START Data records

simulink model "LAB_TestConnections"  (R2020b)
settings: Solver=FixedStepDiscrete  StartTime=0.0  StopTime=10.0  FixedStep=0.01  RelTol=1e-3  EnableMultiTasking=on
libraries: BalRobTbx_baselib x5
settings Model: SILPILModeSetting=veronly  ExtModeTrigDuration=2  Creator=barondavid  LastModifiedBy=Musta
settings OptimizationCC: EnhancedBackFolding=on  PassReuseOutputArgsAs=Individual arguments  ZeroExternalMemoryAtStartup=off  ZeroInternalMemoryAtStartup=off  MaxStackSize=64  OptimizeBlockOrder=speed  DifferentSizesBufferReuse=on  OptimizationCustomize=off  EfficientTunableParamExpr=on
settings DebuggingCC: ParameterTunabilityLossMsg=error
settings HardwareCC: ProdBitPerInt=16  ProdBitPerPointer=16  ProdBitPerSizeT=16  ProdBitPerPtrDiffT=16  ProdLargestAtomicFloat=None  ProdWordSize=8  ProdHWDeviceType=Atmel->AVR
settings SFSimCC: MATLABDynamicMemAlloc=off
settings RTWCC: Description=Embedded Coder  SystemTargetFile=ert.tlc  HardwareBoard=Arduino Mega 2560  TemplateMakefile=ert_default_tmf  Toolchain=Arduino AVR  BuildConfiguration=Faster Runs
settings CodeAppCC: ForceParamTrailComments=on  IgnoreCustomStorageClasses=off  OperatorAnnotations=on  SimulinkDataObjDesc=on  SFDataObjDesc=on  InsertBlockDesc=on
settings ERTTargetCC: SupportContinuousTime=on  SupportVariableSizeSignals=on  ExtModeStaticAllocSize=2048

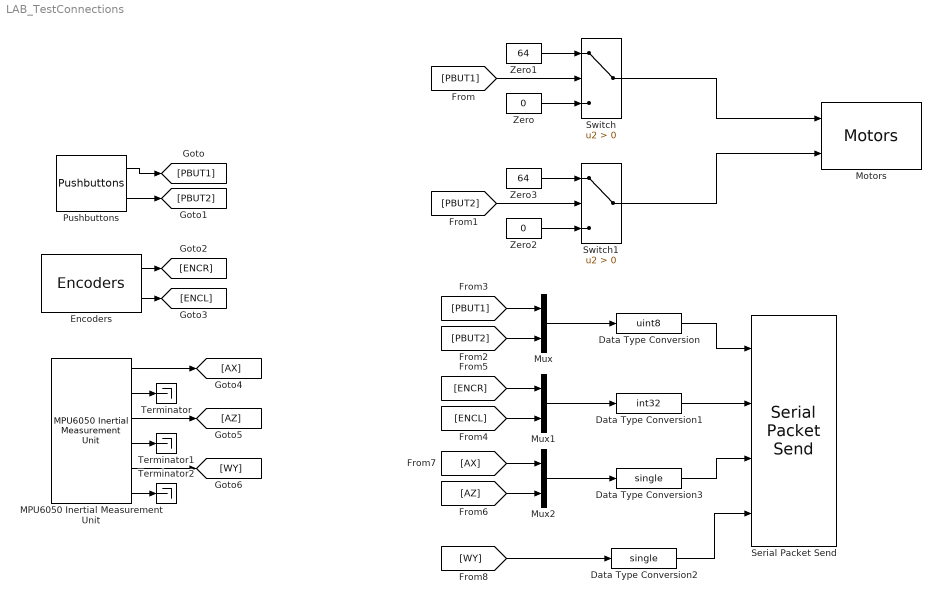
== system LAB_TestConnections ==
  Data Type Conversion : DataTypeConversion  OutDataTypeStr=uint8
  Data Type Conversion1 : DataTypeConversion  OutDataTypeStr=int32
  Data Type Conversion2 : DataTypeConversion  OutDataTypeStr=single
  Data Type Conversion3 : DataTypeConversion  OutDataTypeStr=single
  Encoders : BalRobTbx_baselib/Inputs/Encoders
      settings: SourceProductName=Balancing Robot Toolbox
  MPU6050 Inertial Measurement Unit : BalRobTbx_baselib/Inputs/MPU6050 Inertial Measurement Unit
      settings: SourceProductName=Balancing Robot Toolbox
  Motors : BalRobTbx_baselib/Outputs/Motors
      settings: SourceProductName=Balancing Robot Toolbox
  Mux : Mux  Inputs=2
  Mux1 : Mux  Inputs=2
  Mux2 : Mux  Inputs=2
  Pushbuttons : BalRobTbx_baselib/Inputs/Pushbuttons
      settings: SourceProductName=Balancing Robot Toolbox
  Serial Packet Send : BalRobTbx_baselib/Communication/Serial Packet Send  serialLinkOpt=Bluetooth  baudRateOpt=38400  waitHostTxCmd=on  txStartCmd=65  txStopCmd=66  packetSpec={'2*uint8','2*int32','2*single','single'}  cobsEncoded=on  nullTerminated=on  showEnablePort=off
      settings: SourceProductName=Balancing Robot Toolbox
  Switch : Switch  Criteria=u2 > Threshold
  Switch1 : Switch  Criteria=u2 > Threshold
  Terminator : Terminator
  Terminator1 : Terminator
  Terminator2 : Terminator
  Zero : Constant  Value=0  OutDataTypeStr=Inherit: Inherit via back propagation
  Zero1 : Constant  Value=64  OutDataTypeStr=Inherit: Inherit via back propagation
  Zero2 : Constant  Value=0  OutDataTypeStr=Inherit: Inherit via back propagation
  Zero3 : Constant  Value=64  OutDataTypeStr=Inherit: Inherit via back propagation
  wires:
  Mux/1 -> Data Type Conversion/1
  [PBUT2] -> Mux/2
  Mux2/1 -> Data Type Conversion3/1
  [PBUT1] -> Switch/2
  Zero3/1 -> Switch1/1
  Zero2/1 -> Switch1/3
  [WY] -> Data Type Conversion2/1
  Mux1/1 -> Data Type Conversion1/1
  Zero/1 -> Switch/3
  [ENCR] -> Mux1/1
  [AX] -> Mux2/1
  [PBUT1] -> Mux/1
  [ENCL] -> Mux1/2
  [PBUT2] -> Switch1/2
  Zero1/1 -> Switch/1
  [AZ] -> Mux2/2
  Data Type Conversion1/1 -> Serial Packet Send/2
  Data Type Conversion/1 -> Serial Packet Send/1
  Data Type Conversion3/1 -> Serial Packet Send/3
  Data Type Conversion2/1 -> Serial Packet Send/4
  Pushbuttons/1 -> [PBUT1]
  Pushbuttons/2 -> [PBUT2]
  Encoders/1 -> [ENCR]
  Encoders/2 -> [ENCL]
  MPU6050 Inertial Measurement Unit/6 -> Terminator2/1
  MPU6050 Inertial Measurement Unit/5 -> [WY]
  MPU6050 Inertial Measurement Unit/4 -> Terminator1/1
  MPU6050 Inertial Measurement Unit/3 -> [AZ]
  MPU6050 Inertial Measurement Unit/2 -> Terminator/1
  MPU6050 Inertial Measurement Unit/1 -> [AX]
  Switch1/1 -> Motors/2
  Switch/1 -> Motors/1

END Data records

The entries above are to be repeated exactly, except for any pictures.

simulink model "LAB_TestConnections"  (R2020b)
settings: Solver=FixedStepDiscrete  StartTime=0.0  StopTime=10.0  FixedStep=0.01  RelTol=1e-3  EnableMultiTasking=on
libraries: BalRobTbx_baselib x5
settings Model: SILPILModeSetting=veronly  ExtModeTrigDuration=2  Creator=barondavid  LastModifiedBy=Musta
settings OptimizationCC: EnhancedBackFolding=on  PassReuseOutputArgsAs=Individual arguments  ZeroExternalMemoryAtStartup=off  ZeroInternalMemoryAtStartup=off  MaxStackSize=64  OptimizeBlockOrder=speed  DifferentSizesBufferReuse=on  OptimizationCustomize=off  EfficientTunableParamExpr=on
settings DebuggingCC: ParameterTunabilityLossMsg=error
settings HardwareCC: ProdBitPerInt=16  ProdBitPerPointer=16  ProdBitPerSizeT=16  ProdBitPerPtrDiffT=16  ProdLargestAtomicFloat=None  ProdWordSize=8  ProdHWDeviceType=Atmel->AVR
settings SFSimCC: MATLABDynamicMemAlloc=off
settings RTWCC: Description=Embedded Coder  SystemTargetFile=ert.tlc  HardwareBoard=Arduino Mega 2560  TemplateMakefile=ert_default_tmf  Toolchain=Arduino AVR  BuildConfiguration=Faster Runs
settings CodeAppCC: ForceParamTrailComments=on  IgnoreCustomStorageClasses=off  OperatorAnnotations=on  SimulinkDataObjDesc=on  SFDataObjDesc=on  InsertBlockDesc=on
settings ERTTargetCC: SupportContinuousTime=on  SupportVariableSizeSignals=on  ExtModeStaticAllocSize=2048

== system LAB_TestConnections ==
  Data Type Conversion : DataTypeConversion  OutDataTypeStr=uint8
  Data Type Conversion1 : DataTypeConversion  OutDataTypeStr=int32
  Data Type Conversion2 : DataTypeConversion  OutDataTypeStr=single
  Data Type Conversion3 : DataTypeConversion  OutDataTypeStr=single
  Encoders : BalRobTbx_baselib/Inputs/Encoders
      settings: SourceProductName=Balancing Robot Toolbox
  MPU6050 Inertial Measurement Unit : BalRobTbx_baselib/Inputs/MPU6050 Inertial Measurement Unit
      settings: SourceProductName=Balancing Robot Toolbox
  Motors : BalRobTbx_baselib/Outputs/Motors
      settings: SourceProductName=Balancing Robot Toolbox
  Mux : Mux  Inputs=2
  Mux1 : Mux  Inputs=2
  Mux2 : Mux  Inputs=2
  Pushbuttons : BalRobTbx_baselib/Inputs/Pushbuttons
      settings: SourceProductName=Balancing Robot Toolbox
  Serial Packet Send : BalRobTbx_baselib/Communication/Serial Packet Send  serialLinkOpt=Bluetooth  baudRateOpt=38400  waitHostTxCmd=on  txStartCmd=65  txStopCmd=66  packetSpec={'2*uint8','2*int32','2*single','single'}  cobsEncoded=on  nullTerminated=on  showEnablePort=off
      settings: SourceProductName=Balancing Robot Toolbox
  Switch : Switch  Criteria=u2 > Threshold
  Switch1 : Switch  Criteria=u2 > Threshold
  Terminator : Terminator
  Terminator1 : Terminator
  Terminator2 : Terminator
  Zero : Constant  Value=0  OutDataTypeStr=Inherit: Inherit via back propagation
  Zero1 : Constant  Value=64  OutDataTypeStr=Inherit: Inherit via back propagation
  Zero2 : Constant  Value=0  OutDataTypeStr=Inherit: Inherit via back propagation
  Zero3 : Constant  Value=64  OutDataTypeStr=Inherit: Inherit via back propagation
  wires:
  Mux/1 -> Data Type Conversion/1
  [PBUT2] -> Mux/2
  Mux2/1 -> Data Type Conversion3/1
  [PBUT1] -> Switch/2
  Zero3/1 -> Switch1/1
  Zero2/1 -> Switch1/3
  [WY] -> Data Type Conversion2/1
  Mux1/1 -> Data Type Conversion1/1
  Zero/1 -> Switch/3
  [ENCR] -> Mux1/1
  [AX] -> Mux2/1
  [PBUT1] -> Mux/1
  [ENCL] -> Mux1/2
  [PBUT2] -> Switch1/2
  Zero1/1 -> Switch/1
  [AZ] -> Mux2/2
  Data Type Conversion1/1 -> Serial Packet Send/2
  Data Type Conversion/1 -> Serial Packet Send/1
  Data Type Conversion3/1 -> Serial Packet Send/3
  Data Type Conversion2/1 -> Serial Packet Send/4
  Pushbuttons/1 -> [PBUT1]
  Pushbuttons/2 -> [PBUT2]
  Encoders/1 -> [ENCR]
  Encoders/2 -> [ENCL]
  MPU6050 Inertial Measurement Unit/6 -> Terminator2/1
  MPU6050 Inertial Measurement Unit/5 -> [WY]
  MPU6050 Inertial Measurement Unit/4 -> Terminator1/1
  MPU6050 Inertial Measurement Unit/3 -> [AZ]
  MPU6050 Inertial Measurement Unit/2 -> Terminator/1
  MPU6050 Inertial Measurement Unit/1 -> [AX]
  Switch1/1 -> Motors/2
  Switch/1 -> Motors/1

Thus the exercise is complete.